** MATERIAL PROVIDED follows **

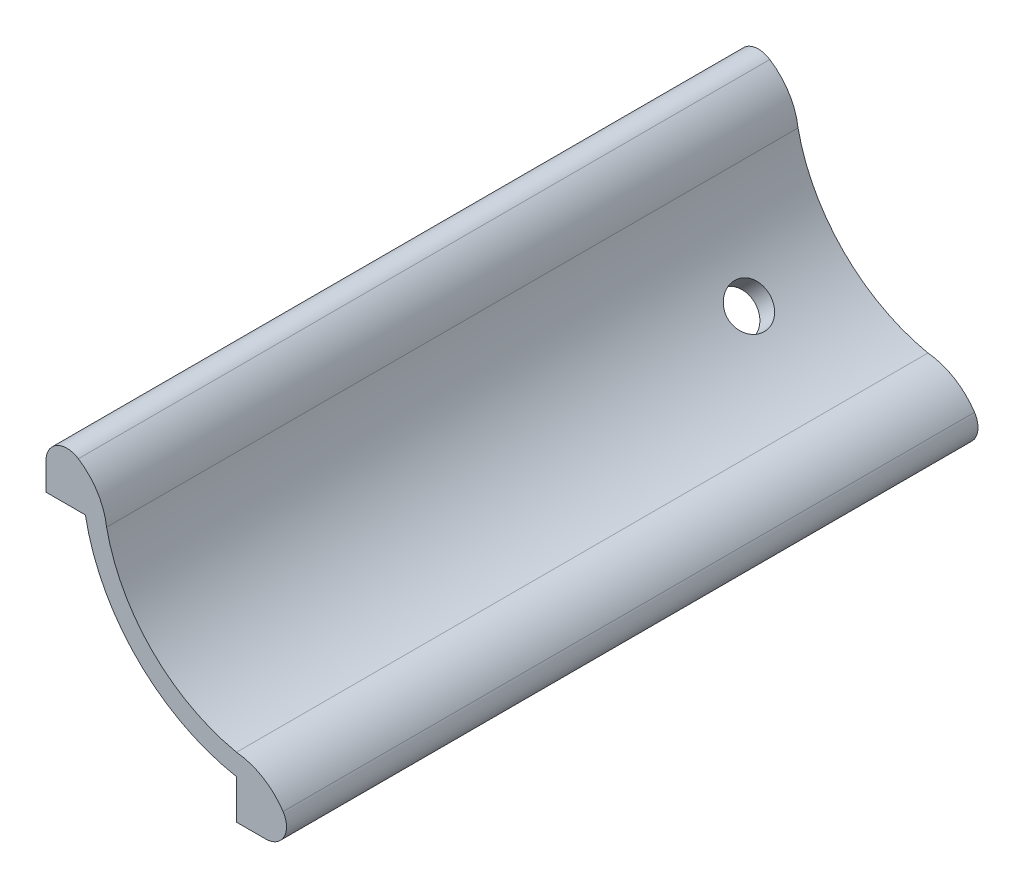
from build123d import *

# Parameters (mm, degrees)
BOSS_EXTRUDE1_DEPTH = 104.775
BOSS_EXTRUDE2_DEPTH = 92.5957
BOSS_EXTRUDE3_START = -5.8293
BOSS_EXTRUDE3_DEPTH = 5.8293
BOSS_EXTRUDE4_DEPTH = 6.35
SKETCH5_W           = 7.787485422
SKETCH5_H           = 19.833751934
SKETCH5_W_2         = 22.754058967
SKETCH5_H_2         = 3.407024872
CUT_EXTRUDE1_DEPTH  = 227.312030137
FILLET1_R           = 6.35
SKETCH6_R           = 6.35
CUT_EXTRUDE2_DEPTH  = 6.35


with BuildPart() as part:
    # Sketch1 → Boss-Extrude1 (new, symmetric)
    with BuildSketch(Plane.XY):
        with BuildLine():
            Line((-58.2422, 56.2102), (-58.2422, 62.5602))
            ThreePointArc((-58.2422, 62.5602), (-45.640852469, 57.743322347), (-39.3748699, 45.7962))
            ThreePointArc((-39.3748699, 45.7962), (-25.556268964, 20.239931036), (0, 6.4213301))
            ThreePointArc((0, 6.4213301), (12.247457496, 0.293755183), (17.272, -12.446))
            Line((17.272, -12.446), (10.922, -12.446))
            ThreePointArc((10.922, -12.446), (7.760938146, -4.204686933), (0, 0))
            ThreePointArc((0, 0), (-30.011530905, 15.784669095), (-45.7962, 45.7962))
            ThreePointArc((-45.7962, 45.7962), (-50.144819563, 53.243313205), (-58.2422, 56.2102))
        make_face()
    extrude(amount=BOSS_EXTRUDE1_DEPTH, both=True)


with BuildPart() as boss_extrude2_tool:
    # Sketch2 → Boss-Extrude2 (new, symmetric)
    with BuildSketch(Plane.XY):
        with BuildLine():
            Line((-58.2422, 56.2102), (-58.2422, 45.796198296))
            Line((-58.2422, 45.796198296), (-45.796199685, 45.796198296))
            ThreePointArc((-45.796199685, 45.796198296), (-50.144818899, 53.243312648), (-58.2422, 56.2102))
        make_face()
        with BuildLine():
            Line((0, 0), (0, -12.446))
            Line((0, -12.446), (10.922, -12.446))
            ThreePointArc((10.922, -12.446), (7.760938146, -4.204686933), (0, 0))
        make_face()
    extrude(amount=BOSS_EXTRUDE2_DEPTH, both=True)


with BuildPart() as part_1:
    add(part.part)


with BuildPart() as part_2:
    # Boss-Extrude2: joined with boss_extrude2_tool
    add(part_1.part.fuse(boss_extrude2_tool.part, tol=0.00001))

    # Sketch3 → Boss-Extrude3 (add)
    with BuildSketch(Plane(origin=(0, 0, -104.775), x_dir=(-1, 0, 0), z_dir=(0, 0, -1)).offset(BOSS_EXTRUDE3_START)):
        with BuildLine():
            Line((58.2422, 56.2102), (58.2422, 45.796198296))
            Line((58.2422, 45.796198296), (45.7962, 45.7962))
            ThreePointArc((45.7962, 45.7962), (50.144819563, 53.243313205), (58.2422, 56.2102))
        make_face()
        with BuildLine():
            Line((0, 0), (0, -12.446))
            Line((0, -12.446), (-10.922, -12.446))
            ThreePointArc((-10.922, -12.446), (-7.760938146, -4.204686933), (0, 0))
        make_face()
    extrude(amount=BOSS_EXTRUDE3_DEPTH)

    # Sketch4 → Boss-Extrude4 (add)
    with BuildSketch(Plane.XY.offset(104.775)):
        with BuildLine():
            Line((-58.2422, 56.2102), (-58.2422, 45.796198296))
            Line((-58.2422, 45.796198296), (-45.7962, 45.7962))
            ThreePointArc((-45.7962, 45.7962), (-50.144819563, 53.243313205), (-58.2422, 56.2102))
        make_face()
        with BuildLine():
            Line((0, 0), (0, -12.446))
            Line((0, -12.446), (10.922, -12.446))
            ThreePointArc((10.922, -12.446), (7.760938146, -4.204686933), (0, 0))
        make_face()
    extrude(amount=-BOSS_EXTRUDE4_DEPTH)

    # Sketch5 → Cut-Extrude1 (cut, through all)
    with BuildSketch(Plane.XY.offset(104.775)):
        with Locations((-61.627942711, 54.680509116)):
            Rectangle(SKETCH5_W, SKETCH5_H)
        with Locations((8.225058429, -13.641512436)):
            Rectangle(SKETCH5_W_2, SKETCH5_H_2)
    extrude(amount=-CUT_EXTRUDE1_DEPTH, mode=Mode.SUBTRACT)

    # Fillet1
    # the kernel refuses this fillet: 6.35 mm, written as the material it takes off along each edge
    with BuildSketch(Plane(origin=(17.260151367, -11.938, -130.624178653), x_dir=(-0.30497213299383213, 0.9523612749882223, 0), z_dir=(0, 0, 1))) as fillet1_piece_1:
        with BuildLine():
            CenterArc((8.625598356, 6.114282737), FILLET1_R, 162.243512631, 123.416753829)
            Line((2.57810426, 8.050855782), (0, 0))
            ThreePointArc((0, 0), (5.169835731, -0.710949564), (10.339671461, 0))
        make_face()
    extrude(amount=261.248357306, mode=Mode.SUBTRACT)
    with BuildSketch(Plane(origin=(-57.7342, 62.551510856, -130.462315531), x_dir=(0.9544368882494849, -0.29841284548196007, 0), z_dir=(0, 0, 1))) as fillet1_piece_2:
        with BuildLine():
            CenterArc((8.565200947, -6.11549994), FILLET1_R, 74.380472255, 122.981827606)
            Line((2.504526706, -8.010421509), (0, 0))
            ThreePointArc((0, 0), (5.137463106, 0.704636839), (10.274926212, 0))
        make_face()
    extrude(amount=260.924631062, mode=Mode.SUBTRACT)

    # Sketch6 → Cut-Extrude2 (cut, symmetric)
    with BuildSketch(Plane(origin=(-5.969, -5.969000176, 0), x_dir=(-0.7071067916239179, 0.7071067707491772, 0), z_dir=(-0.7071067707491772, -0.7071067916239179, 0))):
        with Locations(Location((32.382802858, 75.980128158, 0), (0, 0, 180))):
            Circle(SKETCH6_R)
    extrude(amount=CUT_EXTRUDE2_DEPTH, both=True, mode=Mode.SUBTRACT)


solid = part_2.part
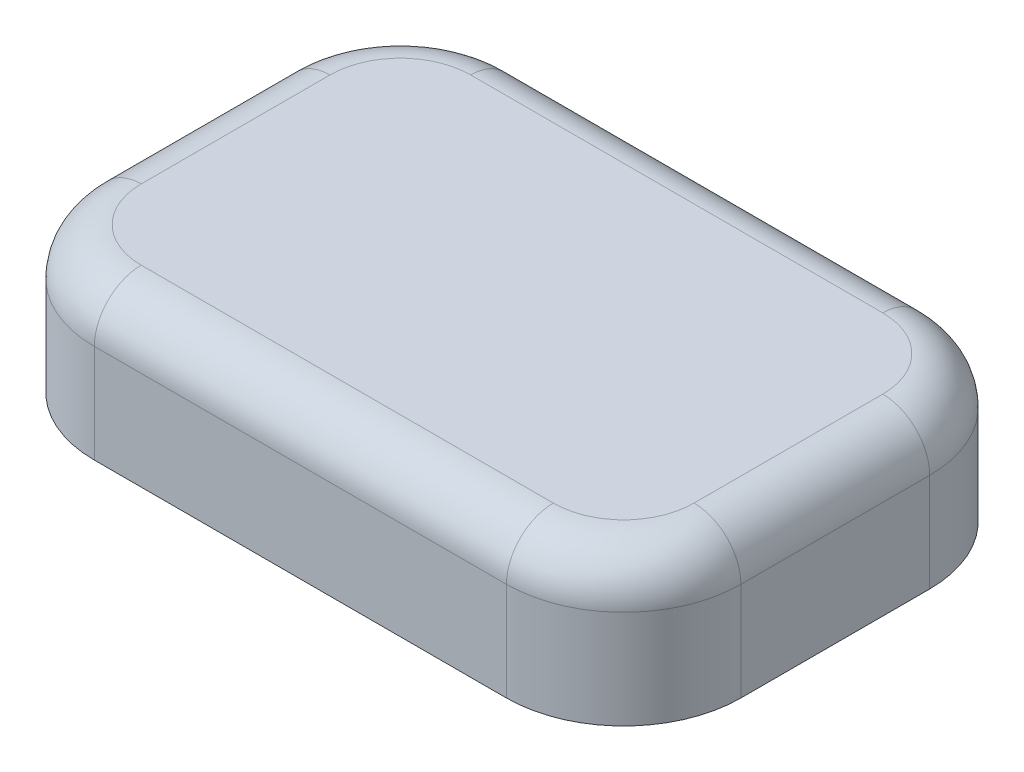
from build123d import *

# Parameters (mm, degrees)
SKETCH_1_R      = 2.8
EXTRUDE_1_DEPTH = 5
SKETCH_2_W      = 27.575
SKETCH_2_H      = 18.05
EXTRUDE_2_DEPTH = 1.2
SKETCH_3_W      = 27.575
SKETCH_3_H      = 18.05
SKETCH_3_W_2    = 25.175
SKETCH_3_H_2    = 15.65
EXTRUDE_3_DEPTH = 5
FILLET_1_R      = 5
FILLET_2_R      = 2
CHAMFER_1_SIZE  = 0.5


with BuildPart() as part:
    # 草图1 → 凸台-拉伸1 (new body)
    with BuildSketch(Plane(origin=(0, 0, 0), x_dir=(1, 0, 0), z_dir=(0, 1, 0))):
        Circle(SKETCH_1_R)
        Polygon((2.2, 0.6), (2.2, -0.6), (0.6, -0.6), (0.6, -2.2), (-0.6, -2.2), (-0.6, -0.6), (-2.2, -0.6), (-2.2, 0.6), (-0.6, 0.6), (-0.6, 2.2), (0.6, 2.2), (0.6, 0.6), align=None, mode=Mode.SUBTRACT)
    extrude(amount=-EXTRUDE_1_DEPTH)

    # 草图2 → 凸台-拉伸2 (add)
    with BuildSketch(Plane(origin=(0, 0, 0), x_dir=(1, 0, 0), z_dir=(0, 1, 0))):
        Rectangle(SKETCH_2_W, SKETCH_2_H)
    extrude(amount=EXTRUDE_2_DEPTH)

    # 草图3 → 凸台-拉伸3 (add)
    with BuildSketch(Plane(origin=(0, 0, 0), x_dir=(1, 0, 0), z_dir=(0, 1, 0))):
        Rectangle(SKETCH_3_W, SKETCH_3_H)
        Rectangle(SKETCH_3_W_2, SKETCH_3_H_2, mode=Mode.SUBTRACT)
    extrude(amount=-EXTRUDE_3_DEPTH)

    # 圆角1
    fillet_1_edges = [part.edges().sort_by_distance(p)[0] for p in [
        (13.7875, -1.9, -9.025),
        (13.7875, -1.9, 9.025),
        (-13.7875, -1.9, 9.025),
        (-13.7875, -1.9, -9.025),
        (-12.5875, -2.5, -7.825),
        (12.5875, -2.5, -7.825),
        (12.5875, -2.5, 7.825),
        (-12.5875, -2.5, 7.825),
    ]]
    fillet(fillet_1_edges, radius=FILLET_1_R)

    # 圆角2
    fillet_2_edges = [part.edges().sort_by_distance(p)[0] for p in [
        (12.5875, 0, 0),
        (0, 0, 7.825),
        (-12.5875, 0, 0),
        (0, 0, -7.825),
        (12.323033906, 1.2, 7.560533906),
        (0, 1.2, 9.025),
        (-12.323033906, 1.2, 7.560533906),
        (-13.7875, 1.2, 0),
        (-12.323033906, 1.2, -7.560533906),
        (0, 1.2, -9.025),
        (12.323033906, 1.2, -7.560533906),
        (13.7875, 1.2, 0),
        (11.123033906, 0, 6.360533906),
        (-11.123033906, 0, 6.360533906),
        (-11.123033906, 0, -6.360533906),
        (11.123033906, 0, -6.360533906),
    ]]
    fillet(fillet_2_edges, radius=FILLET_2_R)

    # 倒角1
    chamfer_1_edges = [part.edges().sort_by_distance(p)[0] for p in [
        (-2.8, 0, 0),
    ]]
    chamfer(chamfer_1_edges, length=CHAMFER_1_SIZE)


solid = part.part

** End of MATERIAL PROVIDED **

WORK INSTRUCTIONS:
What are the lines above that hold the string "Rectangle"? Copy them.

SOLUTION:
            Rectangle(SKETCH5_W, SKETCH5_H)
            Rectangle(SKETCH5_W_2, SKETCH5_H_2)
        Rectangle(SKETCH_2_W, SKETCH_2_H)
        Rectangle(SKETCH_3_W, SKETCH_3_H)
        Rectangle(SKETCH_3_W_2, SKETCH_3_H_2, mode=Mode.SUBTRACT)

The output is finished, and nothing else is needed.